_PROBLEM DETAILS:_ Return exactly those lines of the material below that fall between the line holding "the MAX6675 thermocouple" and the line holding "power supply, with", inclusive.

_DATA:_
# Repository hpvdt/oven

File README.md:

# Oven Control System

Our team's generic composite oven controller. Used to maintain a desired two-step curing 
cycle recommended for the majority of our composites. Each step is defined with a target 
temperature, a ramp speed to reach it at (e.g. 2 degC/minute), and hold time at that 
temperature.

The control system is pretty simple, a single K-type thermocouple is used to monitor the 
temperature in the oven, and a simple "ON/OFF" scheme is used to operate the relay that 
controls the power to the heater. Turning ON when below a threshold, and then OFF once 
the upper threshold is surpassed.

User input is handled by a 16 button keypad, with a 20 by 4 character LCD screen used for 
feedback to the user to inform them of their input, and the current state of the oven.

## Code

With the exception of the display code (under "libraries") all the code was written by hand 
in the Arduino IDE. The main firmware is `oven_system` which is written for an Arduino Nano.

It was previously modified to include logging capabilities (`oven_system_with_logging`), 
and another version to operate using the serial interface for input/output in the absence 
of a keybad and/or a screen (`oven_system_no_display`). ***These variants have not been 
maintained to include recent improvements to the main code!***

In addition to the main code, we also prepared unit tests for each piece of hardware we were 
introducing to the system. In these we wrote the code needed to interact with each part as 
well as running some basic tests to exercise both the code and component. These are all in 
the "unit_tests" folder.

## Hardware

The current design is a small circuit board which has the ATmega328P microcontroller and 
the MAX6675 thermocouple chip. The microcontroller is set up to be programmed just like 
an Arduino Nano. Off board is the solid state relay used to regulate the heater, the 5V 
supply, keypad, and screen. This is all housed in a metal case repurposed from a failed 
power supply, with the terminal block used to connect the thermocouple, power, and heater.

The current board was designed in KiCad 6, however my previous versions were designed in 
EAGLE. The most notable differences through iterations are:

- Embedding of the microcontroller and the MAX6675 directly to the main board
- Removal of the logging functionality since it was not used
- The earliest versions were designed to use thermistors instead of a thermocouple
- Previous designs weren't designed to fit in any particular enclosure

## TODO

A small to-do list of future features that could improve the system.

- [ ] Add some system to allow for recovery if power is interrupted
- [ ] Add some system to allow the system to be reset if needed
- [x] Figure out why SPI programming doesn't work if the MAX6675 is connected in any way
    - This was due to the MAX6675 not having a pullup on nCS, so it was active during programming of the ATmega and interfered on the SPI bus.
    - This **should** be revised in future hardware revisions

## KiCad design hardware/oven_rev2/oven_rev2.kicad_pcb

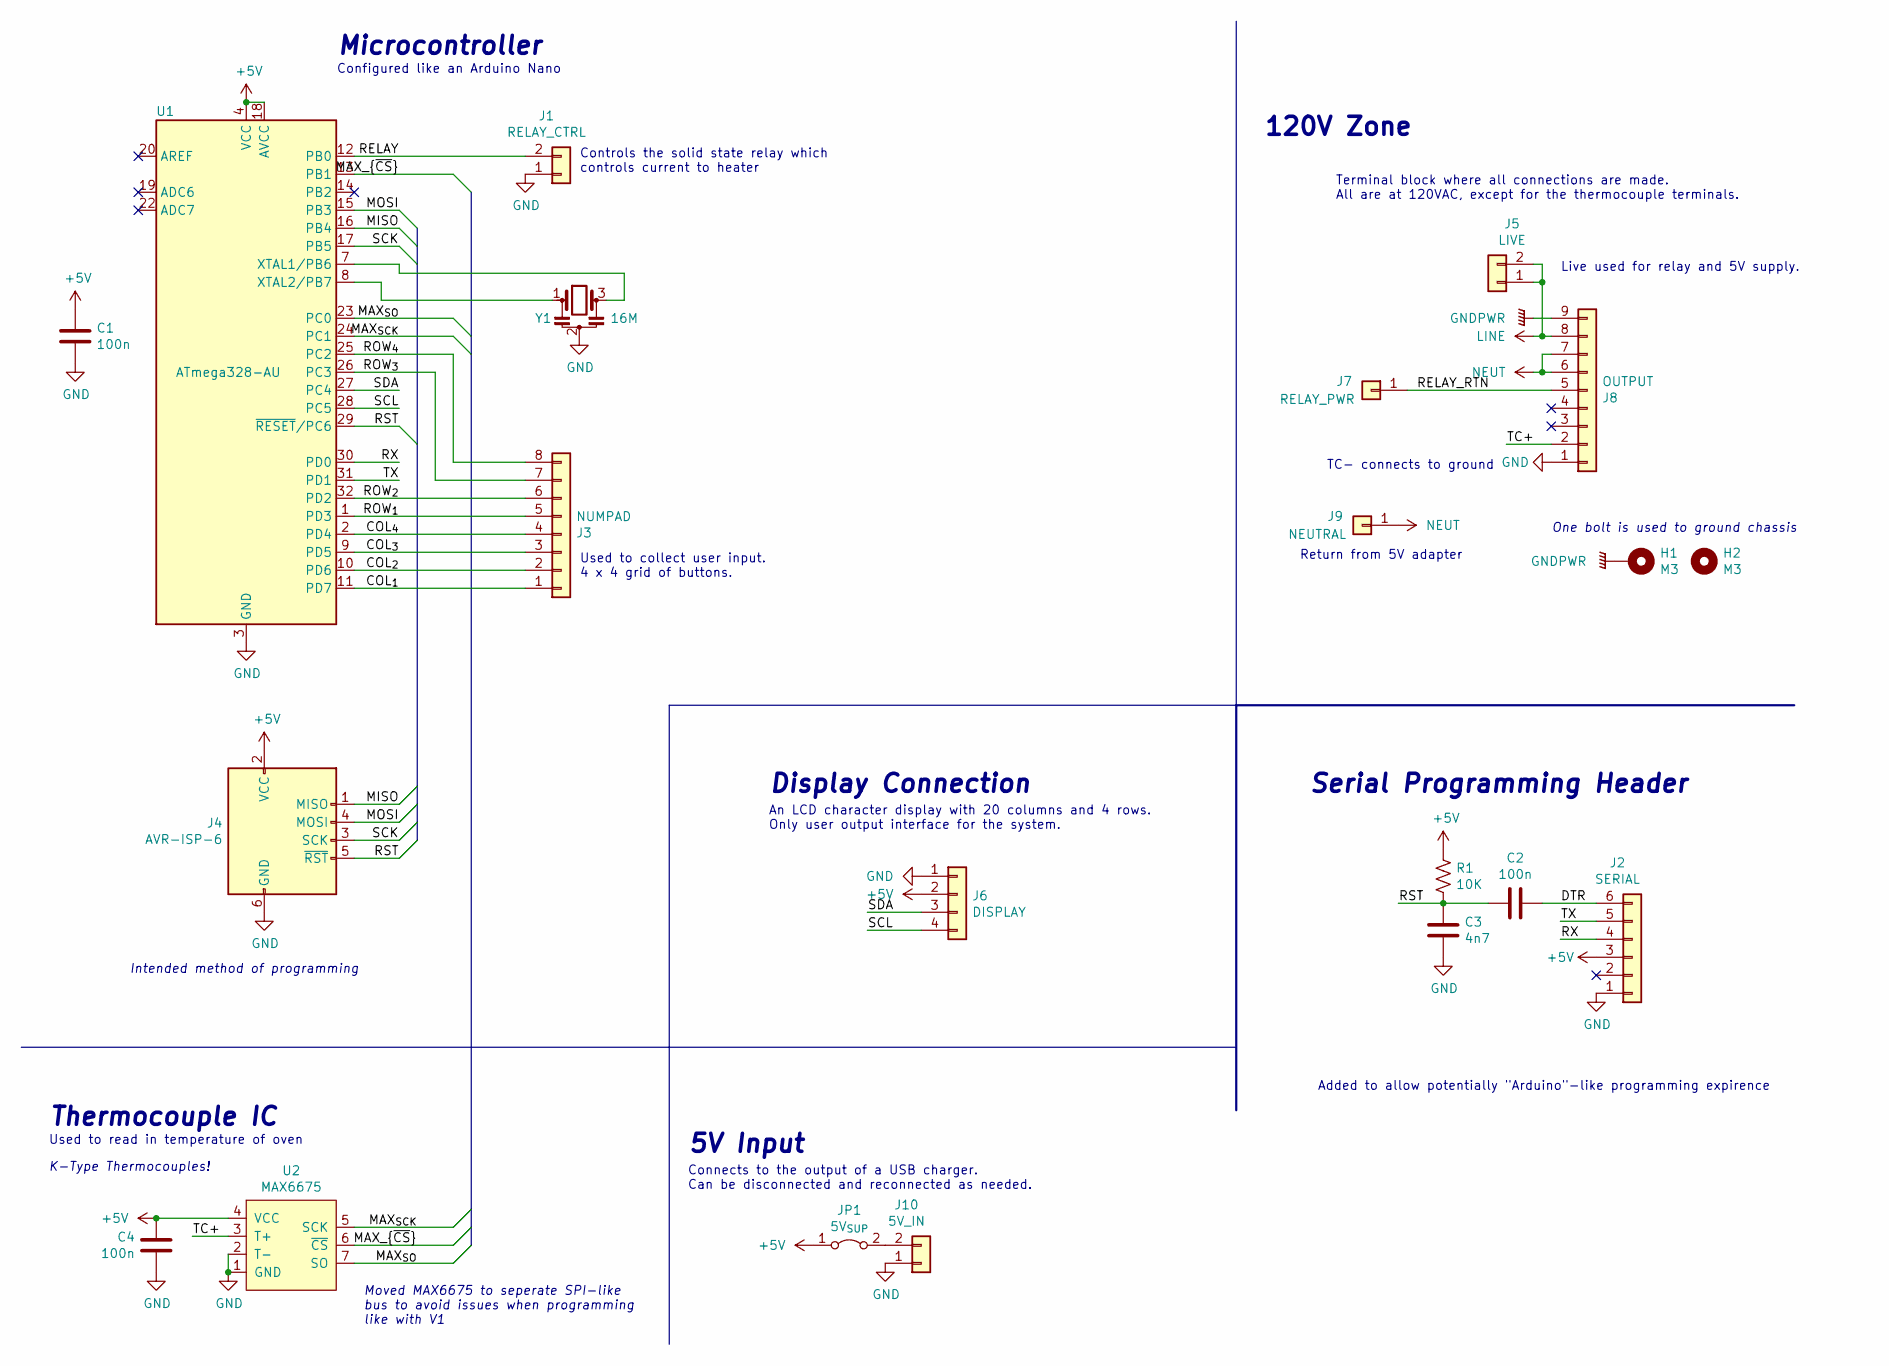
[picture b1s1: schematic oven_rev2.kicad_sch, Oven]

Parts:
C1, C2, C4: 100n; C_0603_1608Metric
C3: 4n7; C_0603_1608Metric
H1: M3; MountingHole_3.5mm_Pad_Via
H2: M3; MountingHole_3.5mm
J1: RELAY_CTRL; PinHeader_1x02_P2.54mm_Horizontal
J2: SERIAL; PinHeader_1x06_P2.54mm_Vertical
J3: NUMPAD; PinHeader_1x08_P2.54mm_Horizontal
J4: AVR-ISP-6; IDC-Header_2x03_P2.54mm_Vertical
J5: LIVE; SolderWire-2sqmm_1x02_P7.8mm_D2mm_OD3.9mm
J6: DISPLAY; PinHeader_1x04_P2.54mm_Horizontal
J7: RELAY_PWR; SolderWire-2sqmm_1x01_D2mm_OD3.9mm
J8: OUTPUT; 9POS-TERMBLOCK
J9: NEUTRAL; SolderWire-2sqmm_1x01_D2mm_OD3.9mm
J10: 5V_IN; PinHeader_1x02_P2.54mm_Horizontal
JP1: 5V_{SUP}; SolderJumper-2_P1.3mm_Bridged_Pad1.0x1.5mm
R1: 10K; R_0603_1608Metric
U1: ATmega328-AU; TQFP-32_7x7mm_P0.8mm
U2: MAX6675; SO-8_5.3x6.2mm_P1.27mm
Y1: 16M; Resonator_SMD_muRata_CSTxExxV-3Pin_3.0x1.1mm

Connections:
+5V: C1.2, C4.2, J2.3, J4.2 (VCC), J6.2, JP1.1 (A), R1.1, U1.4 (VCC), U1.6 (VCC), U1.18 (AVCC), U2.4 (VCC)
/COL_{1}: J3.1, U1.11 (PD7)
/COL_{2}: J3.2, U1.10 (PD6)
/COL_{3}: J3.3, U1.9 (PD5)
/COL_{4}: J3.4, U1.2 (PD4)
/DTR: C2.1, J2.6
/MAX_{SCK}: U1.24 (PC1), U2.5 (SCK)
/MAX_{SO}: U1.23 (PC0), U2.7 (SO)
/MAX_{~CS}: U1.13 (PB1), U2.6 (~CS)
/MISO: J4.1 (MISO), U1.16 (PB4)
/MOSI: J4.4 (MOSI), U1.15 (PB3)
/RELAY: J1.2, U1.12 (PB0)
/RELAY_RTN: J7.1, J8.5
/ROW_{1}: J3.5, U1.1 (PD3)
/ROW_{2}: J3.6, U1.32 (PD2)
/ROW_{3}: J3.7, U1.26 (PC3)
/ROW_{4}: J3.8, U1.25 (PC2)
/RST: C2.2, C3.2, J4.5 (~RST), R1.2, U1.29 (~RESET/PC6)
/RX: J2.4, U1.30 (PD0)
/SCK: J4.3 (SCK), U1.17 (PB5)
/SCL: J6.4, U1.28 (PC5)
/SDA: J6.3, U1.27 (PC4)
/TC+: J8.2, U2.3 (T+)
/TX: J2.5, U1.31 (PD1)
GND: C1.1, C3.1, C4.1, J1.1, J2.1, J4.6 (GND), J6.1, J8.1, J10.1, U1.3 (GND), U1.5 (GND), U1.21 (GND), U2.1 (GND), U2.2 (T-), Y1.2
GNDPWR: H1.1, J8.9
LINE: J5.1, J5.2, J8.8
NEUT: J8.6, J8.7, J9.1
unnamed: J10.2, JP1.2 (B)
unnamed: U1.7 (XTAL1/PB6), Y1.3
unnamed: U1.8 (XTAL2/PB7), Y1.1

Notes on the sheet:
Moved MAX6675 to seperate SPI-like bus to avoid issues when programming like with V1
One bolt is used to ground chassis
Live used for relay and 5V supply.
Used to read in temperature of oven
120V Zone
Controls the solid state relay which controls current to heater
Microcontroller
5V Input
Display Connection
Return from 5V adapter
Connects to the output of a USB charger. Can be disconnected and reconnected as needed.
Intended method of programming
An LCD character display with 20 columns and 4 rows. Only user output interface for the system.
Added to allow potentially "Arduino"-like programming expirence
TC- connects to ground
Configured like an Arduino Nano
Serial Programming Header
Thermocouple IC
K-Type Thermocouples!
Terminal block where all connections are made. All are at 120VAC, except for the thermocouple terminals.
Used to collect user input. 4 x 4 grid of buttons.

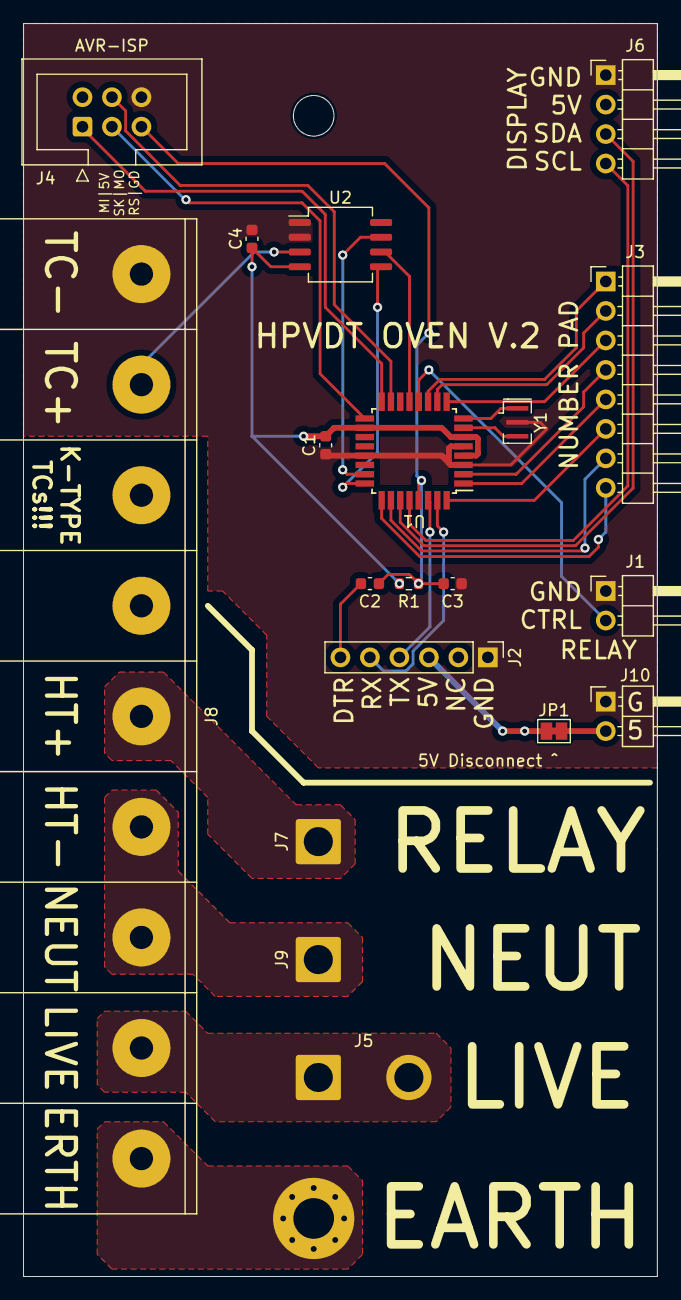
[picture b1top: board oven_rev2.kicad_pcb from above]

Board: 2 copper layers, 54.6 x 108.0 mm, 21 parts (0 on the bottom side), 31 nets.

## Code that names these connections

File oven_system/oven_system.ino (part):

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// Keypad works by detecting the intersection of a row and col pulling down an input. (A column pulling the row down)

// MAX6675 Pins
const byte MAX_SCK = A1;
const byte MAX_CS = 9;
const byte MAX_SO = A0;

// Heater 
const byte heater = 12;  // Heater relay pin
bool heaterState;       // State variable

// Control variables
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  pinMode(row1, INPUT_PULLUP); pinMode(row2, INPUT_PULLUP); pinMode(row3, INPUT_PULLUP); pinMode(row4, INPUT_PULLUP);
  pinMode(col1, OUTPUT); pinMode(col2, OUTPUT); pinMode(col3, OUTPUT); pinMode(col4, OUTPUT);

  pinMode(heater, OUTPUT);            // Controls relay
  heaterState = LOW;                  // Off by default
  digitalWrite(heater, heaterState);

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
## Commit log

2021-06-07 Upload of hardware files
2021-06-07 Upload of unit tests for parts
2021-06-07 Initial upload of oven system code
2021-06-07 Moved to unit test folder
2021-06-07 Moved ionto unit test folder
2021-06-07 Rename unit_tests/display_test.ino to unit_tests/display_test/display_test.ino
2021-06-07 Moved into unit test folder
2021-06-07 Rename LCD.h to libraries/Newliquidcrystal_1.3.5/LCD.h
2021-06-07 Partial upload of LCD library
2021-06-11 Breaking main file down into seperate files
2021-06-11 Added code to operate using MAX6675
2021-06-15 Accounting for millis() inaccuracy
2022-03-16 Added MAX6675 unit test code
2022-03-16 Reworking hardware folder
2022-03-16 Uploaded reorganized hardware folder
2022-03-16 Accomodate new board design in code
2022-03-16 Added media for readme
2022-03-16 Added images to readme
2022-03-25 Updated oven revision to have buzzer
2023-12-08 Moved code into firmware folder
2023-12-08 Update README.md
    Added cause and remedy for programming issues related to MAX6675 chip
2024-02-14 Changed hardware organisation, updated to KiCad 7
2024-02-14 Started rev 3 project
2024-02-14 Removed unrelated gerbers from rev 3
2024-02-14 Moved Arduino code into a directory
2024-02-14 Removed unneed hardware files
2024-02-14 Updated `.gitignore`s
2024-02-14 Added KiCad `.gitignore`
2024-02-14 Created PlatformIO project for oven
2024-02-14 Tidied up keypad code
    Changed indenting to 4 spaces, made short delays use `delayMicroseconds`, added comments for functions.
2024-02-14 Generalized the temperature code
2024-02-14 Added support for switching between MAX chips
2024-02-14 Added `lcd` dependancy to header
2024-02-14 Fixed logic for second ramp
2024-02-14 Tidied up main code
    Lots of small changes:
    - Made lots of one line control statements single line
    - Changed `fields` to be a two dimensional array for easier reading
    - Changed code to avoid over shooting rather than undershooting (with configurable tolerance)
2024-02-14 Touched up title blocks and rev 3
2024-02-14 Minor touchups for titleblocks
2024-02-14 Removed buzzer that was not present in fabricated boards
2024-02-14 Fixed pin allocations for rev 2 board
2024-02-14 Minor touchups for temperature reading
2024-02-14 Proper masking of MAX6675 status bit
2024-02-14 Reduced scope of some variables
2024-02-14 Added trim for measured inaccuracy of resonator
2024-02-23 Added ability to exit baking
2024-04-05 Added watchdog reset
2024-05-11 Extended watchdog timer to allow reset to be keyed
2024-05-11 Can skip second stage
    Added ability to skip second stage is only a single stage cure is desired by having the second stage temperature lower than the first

_ANSWER AREA:_
the MAX6675 thermocouple chip. The microcontroller is set up to be programmed just like 
an Arduino Nano. Off board is the solid state relay used to regulate the heater, the 5V 
supply, keypad, and screen. This is all housed in a metal case repurposed from a failed 
power supply, with the terminal block used to connect the thermocouple, power, and heater.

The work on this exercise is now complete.